Hospitals Ignoring Requirements to Report Errors

 In Health Care

doctor looking at xrayAbove is the headline of a USA Today story published on July 20, 2012. The article is based on a Memorandum Report issued by the Department of Health and Human Services, Office of the Inspector General, from Stuart Wright, the Deputy Inspector General for Evaluation and Inspections. The title of the memorandum report is, “Few Adverse Events in Hospitals Were Reported to State Adverse Event Reporting Systems.”

The memorandum report, and the USA Today article highlight the fact that hospitals seem to be ignoring state regulations that require them to report cases in which medical care harmed a patient.

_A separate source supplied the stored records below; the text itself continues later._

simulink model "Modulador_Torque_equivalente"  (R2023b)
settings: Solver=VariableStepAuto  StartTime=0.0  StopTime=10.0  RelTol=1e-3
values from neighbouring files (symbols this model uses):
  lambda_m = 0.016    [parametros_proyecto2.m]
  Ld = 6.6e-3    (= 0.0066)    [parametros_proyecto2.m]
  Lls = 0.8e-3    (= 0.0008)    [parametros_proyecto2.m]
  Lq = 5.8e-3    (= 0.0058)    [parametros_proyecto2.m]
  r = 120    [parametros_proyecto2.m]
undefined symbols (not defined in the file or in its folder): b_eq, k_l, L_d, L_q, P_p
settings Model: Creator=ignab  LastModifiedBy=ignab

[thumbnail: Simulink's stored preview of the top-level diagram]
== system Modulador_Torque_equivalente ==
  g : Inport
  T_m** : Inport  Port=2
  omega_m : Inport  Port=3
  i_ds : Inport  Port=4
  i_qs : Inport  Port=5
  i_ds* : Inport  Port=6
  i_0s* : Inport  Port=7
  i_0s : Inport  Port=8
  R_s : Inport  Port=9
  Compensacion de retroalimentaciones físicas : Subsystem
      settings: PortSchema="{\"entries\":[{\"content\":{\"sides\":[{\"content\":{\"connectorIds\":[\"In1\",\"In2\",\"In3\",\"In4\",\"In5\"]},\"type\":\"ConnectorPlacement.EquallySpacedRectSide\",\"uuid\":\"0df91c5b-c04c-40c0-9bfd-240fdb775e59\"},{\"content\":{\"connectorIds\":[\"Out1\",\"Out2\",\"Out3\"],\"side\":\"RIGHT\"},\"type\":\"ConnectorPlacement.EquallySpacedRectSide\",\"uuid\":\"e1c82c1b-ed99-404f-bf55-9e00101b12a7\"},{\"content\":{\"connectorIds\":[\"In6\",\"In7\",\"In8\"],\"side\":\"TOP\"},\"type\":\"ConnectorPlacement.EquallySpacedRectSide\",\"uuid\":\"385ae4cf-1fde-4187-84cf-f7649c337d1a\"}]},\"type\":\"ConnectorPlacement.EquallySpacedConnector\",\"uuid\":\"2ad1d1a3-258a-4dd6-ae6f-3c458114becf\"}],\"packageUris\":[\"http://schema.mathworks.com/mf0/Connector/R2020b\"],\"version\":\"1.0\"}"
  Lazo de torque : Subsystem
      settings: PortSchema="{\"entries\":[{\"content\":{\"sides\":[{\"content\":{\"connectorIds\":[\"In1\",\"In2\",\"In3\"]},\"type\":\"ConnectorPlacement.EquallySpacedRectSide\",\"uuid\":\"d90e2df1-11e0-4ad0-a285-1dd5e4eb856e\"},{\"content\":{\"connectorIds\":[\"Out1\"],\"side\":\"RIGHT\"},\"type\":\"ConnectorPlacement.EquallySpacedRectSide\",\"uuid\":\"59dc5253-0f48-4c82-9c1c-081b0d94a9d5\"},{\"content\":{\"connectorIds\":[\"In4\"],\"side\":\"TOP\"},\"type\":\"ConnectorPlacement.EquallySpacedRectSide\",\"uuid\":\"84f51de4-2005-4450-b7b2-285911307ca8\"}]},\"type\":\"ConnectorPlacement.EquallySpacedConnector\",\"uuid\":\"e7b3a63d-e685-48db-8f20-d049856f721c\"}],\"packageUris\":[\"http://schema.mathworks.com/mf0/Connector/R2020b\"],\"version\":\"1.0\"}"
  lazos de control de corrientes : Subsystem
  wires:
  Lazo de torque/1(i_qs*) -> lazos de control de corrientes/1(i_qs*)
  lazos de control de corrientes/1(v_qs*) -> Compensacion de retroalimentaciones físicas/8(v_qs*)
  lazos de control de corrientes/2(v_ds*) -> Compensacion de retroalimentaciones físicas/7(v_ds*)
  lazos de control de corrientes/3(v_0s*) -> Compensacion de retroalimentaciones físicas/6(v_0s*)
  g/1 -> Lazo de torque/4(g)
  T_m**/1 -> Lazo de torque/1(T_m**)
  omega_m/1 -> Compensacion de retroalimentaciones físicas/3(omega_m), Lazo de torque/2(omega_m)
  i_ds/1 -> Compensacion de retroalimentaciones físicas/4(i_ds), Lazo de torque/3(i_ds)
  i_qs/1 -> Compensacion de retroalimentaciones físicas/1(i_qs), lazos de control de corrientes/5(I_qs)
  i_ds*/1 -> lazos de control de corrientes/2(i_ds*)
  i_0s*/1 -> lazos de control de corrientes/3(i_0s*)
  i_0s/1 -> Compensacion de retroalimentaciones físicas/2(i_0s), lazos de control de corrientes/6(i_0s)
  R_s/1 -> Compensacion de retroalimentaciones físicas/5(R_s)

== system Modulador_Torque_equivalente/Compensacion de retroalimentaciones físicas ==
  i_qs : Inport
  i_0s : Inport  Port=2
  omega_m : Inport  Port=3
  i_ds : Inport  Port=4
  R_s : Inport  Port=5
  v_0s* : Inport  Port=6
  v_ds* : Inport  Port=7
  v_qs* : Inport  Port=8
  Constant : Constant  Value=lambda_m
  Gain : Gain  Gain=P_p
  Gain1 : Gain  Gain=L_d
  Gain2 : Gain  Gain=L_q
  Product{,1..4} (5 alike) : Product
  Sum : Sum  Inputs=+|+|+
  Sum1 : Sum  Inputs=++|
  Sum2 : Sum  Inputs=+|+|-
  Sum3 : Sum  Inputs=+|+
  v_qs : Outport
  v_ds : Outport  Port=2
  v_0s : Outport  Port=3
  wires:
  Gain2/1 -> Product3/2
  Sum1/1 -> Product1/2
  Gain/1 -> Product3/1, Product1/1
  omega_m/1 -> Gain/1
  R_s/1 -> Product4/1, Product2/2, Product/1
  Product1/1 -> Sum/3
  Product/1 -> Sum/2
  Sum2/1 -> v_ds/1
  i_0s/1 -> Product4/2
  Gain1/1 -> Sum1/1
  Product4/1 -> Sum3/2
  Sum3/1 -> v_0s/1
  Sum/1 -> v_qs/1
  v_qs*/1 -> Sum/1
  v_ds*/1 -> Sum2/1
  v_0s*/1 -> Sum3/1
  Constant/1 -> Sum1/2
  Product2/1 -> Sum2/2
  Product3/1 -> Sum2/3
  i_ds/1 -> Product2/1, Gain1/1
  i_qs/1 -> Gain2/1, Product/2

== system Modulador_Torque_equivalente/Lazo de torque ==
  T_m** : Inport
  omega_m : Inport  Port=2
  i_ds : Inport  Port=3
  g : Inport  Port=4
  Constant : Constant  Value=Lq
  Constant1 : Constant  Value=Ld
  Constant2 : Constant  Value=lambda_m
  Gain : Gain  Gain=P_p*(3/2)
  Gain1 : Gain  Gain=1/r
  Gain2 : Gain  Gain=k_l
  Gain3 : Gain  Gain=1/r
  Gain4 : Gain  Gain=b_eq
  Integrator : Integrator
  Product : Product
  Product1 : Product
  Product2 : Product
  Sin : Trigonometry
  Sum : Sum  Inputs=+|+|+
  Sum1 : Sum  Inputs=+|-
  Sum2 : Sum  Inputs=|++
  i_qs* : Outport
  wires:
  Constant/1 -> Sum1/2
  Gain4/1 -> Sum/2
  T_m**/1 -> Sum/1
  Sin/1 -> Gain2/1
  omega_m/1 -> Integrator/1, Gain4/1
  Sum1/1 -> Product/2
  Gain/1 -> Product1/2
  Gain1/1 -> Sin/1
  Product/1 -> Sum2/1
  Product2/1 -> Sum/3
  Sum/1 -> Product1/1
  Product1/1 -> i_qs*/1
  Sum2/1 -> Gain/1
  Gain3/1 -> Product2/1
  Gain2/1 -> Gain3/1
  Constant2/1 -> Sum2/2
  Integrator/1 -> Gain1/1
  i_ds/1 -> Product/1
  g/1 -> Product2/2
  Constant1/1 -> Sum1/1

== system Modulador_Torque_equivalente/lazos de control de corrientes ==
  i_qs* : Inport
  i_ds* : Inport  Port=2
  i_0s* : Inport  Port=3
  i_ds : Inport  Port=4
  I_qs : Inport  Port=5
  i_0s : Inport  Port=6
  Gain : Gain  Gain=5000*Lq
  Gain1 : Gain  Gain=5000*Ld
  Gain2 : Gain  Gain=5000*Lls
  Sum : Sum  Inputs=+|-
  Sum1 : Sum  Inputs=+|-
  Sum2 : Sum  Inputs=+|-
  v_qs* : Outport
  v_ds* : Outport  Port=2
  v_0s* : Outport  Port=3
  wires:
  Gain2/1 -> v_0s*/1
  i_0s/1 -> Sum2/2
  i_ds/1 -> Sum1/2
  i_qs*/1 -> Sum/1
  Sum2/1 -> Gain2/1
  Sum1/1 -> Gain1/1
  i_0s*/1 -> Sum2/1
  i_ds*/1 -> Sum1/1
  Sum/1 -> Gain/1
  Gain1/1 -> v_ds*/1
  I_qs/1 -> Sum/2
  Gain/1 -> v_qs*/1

The USA Today article noted that this makes it almost impossible for health care providers to identify and fix preventable problems.

The Memorandum Report begins by stating that previous studies show that “…an estimated 27 percent of Medicare beneficiaries hospitalized in October 2008 experienced harm from medical care.” Many of these events were classified as serious adverse events, defined as events resulting in prolonged hospitalization, permanent disability, life-sustaining intervention, or death. Other events were classified as temporary harm events, defined as events requiring intervention but not resulting in lasting harm.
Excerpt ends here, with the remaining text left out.